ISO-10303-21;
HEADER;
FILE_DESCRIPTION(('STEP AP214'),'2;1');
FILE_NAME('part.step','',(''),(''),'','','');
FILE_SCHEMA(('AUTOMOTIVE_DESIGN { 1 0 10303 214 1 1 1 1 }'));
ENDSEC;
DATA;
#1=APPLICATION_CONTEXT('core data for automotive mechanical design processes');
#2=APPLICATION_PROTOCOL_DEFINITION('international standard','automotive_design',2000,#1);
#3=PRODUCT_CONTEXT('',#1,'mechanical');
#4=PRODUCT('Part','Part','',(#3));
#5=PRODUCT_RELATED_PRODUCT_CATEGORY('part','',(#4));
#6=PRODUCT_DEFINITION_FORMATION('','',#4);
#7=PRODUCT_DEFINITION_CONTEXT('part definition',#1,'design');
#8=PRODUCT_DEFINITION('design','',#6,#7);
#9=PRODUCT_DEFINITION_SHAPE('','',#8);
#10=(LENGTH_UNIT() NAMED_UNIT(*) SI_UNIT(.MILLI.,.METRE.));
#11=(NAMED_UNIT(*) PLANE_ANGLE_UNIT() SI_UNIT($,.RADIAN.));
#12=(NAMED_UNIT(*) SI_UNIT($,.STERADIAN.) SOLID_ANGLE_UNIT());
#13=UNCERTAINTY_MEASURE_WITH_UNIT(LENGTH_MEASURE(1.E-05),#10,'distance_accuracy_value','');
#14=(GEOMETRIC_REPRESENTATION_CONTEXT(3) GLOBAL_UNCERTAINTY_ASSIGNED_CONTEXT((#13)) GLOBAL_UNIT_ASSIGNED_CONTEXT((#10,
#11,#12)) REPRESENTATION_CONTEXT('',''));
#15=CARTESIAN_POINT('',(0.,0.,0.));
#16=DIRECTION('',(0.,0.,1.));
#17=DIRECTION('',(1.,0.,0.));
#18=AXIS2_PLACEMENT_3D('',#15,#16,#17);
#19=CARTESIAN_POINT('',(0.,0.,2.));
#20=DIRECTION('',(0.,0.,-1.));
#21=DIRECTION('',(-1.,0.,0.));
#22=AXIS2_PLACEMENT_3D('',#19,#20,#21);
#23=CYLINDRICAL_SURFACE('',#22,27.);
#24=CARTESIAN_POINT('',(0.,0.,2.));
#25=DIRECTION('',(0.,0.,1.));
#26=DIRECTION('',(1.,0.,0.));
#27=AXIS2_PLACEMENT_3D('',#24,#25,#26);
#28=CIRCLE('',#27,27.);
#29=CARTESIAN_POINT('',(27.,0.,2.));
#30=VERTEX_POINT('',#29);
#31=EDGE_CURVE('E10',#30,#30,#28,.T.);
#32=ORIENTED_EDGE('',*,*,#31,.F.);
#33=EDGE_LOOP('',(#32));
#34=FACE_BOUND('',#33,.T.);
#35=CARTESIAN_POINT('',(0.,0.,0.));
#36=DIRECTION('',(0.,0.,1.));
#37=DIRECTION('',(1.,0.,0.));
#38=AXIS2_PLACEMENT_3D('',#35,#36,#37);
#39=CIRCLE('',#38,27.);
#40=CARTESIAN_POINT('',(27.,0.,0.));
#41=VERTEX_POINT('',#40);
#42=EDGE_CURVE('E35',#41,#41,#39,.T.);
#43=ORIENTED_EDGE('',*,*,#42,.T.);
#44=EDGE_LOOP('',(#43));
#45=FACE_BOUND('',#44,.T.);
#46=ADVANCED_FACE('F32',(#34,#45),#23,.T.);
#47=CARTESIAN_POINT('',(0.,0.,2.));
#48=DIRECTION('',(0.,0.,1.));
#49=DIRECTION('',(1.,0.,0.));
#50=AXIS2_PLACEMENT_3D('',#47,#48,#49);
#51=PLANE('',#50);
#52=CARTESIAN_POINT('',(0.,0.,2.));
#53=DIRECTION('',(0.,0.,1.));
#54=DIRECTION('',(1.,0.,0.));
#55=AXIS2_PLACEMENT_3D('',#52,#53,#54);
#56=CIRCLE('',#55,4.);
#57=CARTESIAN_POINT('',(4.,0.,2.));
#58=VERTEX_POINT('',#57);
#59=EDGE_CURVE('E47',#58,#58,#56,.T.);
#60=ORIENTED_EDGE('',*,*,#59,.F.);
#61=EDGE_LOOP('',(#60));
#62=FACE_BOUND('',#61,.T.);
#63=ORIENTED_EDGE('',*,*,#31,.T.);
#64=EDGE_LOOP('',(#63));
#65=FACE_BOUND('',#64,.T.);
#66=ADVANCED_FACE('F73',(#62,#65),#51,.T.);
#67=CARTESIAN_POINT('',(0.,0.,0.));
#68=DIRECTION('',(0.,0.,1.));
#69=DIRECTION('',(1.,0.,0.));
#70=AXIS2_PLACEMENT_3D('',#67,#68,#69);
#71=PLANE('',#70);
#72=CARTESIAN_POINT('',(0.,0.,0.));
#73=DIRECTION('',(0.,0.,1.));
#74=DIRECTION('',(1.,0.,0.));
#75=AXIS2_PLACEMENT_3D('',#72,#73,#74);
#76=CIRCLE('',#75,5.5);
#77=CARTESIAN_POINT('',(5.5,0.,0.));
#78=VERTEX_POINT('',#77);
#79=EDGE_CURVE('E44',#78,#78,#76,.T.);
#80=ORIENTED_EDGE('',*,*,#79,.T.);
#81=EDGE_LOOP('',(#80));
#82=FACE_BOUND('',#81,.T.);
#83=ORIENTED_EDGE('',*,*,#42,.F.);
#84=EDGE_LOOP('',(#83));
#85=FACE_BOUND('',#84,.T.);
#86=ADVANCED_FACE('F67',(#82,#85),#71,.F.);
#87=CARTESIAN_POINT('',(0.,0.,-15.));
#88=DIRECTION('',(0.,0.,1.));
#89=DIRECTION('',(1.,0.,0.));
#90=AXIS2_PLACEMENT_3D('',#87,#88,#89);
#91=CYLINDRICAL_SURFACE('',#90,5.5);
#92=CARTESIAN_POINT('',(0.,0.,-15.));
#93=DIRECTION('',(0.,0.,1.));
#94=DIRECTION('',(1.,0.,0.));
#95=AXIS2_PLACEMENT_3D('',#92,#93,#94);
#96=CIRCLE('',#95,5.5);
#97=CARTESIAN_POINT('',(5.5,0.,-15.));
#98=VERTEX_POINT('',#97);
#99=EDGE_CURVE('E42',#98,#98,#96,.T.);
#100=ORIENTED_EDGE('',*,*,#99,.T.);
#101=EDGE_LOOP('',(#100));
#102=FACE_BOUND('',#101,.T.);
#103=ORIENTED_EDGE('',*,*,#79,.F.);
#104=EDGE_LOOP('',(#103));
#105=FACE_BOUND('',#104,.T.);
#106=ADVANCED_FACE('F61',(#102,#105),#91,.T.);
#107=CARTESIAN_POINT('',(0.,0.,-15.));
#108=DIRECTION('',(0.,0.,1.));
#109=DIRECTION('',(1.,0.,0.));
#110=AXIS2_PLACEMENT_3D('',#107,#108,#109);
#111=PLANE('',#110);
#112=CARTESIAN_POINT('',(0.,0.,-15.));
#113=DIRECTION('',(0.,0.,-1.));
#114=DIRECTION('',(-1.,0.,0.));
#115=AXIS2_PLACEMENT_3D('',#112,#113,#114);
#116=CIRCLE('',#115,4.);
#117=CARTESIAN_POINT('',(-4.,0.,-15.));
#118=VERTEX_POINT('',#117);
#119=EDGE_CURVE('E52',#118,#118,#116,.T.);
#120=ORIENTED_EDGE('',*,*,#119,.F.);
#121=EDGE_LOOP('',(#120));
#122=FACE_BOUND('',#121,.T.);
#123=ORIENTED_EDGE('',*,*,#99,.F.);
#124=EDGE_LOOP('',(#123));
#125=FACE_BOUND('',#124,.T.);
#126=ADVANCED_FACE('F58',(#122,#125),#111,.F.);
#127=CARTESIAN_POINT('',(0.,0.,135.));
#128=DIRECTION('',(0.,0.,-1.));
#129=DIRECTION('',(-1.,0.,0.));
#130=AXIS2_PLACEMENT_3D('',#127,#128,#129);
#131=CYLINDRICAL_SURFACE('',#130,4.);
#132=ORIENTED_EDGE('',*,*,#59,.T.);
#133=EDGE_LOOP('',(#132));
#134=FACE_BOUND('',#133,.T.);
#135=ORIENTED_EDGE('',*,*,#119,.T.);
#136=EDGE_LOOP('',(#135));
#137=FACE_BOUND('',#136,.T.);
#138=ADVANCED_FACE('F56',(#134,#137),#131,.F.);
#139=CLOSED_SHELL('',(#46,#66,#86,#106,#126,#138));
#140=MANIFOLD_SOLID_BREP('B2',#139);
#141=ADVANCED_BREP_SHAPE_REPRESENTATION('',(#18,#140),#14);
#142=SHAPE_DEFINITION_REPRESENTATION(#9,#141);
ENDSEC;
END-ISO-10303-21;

Exercise:
Within the material above, output exactly the lines from the one with "#60=ORIENTED_EDGE('',*,*,#59,.F.);" through the one with "#69=DIRECTION('',(1.,0.,0.));", end lines included, and nothing besides.

Answer:
#60=ORIENTED_EDGE('',*,*,#59,.F.);
#61=EDGE_LOOP('',(#60));
#62=FACE_BOUND('',#61,.T.);
#63=ORIENTED_EDGE('',*,*,#31,.T.);
#64=EDGE_LOOP('',(#63));
#65=FACE_BOUND('',#64,.T.);
#66=ADVANCED_FACE('F73',(#62,#65),#51,.T.);
#67=CARTESIAN_POINT('',(0.,0.,0.));
#68=DIRECTION('',(0.,0.,1.));
#69=DIRECTION('',(1.,0.,0.));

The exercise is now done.